The formation, septation and fate of the truncus arteriosus in man.
MedLine Citation:
PMID:  7076544     Owner:  NLM     Status:  MEDLINE    
The results of our studies enable us to draw the following conclusions. The truncus appears in the human embryo, between Stages XII and XIII, as a portion of the aortic sac which invaginates into the interior of the pericardial cavity. Therefore it is an arterial portion which is added to the heart. It lengthens progressively. The sigmoid valves form in the angle between the bulbus cordis and the truncus. Septation of the truncus begins when the sixth arterial arches appear in embryos of 6 to 8 mm. The process is very rapid; commencing in embryos of 6 to 7 mm, it is complete in embryos of 10 to 11 mm, that is to say, during only five days. The septation mechanism is extrinsic.
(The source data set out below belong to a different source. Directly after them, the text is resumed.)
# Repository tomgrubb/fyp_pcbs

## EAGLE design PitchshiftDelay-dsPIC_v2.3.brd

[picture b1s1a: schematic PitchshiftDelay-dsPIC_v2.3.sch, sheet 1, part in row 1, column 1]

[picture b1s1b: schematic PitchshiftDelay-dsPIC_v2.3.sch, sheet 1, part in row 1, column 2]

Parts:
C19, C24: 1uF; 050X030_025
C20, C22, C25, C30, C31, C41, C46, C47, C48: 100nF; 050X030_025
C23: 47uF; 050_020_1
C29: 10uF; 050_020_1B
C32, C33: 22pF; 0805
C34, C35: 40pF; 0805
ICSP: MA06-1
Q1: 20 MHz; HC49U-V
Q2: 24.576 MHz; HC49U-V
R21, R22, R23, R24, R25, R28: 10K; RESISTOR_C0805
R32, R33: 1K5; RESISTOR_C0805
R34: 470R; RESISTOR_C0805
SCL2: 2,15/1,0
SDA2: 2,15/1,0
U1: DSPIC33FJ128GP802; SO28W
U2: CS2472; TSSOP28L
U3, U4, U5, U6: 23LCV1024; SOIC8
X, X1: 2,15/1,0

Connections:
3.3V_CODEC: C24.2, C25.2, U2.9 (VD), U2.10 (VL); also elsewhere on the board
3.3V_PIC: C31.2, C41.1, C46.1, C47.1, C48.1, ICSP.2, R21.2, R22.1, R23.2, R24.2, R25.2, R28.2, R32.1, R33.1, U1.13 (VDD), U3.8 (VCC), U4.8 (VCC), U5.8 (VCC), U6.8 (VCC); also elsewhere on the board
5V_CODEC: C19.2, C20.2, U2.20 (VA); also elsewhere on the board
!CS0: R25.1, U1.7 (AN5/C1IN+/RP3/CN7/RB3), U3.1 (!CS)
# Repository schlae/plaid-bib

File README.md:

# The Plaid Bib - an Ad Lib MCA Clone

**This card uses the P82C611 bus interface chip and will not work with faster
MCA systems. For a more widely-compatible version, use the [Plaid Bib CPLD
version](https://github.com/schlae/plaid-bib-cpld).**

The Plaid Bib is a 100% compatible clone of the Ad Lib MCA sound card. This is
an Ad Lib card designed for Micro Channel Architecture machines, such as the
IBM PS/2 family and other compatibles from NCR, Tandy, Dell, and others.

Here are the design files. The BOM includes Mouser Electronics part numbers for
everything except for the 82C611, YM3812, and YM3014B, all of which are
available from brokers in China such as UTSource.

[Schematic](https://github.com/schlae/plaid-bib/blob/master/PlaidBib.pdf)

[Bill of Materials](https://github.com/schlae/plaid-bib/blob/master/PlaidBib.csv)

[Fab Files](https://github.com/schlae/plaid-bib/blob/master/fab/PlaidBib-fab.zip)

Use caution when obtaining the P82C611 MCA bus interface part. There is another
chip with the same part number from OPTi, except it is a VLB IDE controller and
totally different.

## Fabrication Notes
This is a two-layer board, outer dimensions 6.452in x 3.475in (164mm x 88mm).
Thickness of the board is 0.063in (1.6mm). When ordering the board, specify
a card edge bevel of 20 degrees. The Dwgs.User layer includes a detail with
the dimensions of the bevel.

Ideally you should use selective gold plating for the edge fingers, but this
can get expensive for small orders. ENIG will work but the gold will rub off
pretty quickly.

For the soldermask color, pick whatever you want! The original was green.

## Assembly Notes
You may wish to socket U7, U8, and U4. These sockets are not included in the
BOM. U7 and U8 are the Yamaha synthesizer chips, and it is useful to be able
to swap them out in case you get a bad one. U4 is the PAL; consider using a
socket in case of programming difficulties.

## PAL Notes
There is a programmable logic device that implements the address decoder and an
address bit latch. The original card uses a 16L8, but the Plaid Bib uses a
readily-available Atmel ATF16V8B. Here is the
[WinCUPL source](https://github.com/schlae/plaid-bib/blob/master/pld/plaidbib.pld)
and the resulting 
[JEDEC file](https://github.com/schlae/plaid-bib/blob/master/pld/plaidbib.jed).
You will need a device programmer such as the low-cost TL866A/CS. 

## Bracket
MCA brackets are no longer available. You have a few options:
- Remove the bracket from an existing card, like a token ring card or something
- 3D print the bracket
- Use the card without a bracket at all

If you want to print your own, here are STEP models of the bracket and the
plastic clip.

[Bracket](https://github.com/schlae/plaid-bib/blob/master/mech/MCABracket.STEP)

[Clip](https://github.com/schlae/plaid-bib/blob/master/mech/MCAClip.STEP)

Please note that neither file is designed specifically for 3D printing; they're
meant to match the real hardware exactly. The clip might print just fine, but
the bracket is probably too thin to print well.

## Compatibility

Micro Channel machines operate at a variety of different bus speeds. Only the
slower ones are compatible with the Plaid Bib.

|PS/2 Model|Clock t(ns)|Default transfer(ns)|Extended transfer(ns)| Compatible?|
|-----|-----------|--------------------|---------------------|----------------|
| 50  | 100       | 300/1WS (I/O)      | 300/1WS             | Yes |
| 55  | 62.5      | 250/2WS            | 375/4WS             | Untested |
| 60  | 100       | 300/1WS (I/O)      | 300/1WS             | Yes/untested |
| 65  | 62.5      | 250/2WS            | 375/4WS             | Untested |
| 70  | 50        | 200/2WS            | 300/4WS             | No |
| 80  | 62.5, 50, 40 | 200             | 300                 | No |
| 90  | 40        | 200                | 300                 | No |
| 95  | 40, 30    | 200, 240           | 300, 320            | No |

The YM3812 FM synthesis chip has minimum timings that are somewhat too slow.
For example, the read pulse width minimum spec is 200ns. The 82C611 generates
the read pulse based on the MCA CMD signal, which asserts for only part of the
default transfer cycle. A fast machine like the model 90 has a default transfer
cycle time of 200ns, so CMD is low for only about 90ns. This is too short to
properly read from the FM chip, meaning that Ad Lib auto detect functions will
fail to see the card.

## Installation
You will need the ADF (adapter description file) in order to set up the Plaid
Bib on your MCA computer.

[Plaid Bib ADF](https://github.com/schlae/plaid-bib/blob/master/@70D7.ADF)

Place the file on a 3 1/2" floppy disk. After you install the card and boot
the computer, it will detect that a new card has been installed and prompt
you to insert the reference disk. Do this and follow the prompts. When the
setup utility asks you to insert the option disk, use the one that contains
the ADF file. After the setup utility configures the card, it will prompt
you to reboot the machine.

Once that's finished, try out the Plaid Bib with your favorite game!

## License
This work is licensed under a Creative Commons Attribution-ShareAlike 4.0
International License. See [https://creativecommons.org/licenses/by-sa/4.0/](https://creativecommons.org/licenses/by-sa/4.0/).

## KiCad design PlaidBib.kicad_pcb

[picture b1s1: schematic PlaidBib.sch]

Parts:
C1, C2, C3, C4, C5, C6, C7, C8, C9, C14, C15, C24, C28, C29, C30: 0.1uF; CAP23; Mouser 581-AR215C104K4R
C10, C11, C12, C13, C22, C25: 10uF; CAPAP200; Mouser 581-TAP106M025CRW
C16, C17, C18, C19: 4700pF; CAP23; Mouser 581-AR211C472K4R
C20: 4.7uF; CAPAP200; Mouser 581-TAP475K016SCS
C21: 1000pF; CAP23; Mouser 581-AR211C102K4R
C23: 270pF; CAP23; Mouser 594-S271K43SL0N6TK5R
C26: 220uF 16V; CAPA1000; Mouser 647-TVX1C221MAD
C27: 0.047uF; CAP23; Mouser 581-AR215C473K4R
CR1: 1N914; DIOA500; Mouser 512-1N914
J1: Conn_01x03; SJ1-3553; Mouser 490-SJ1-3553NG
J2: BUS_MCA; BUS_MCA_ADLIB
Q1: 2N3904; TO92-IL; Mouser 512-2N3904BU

The peribranchial mesenchyma which accompanies the aortic sac in its invagination advances principally on the right inferior part and insinuates itself between the fourth and sixth arterial arches, separating the truncus pulmonalis from a portion of the ascending aorta. An aorticopulmonary communication exists for a certain period prior to fusion of the two blocks of mesenchyma; there is a mesenchymal island. On the contrary, in the bulbus cordis septation is effected by the bulbar ridges. Septation of the truncus, which does not exist in the primitive cardiac tube, occurs prior to that of the bulbus cordis. While septation of the truncus has been already completed in embryos of 10 mm, septation of the bulbus cordis is completed only in embryos of 14 to 16 mm. Therefore the bulbus and the truncus are two portions, different in respect of both structure and septation. There is no continuity between the bulbar ridges and the septation of the truncus. They are separated by the sigmoid valves. This makes it possible to observe independent malformations in the bulbus and in the truncus. In the truncus the mesenchyma passes between the two vessels. They do not have a common septum, and it is for this reason that the surgeon can separate them in the mature heart.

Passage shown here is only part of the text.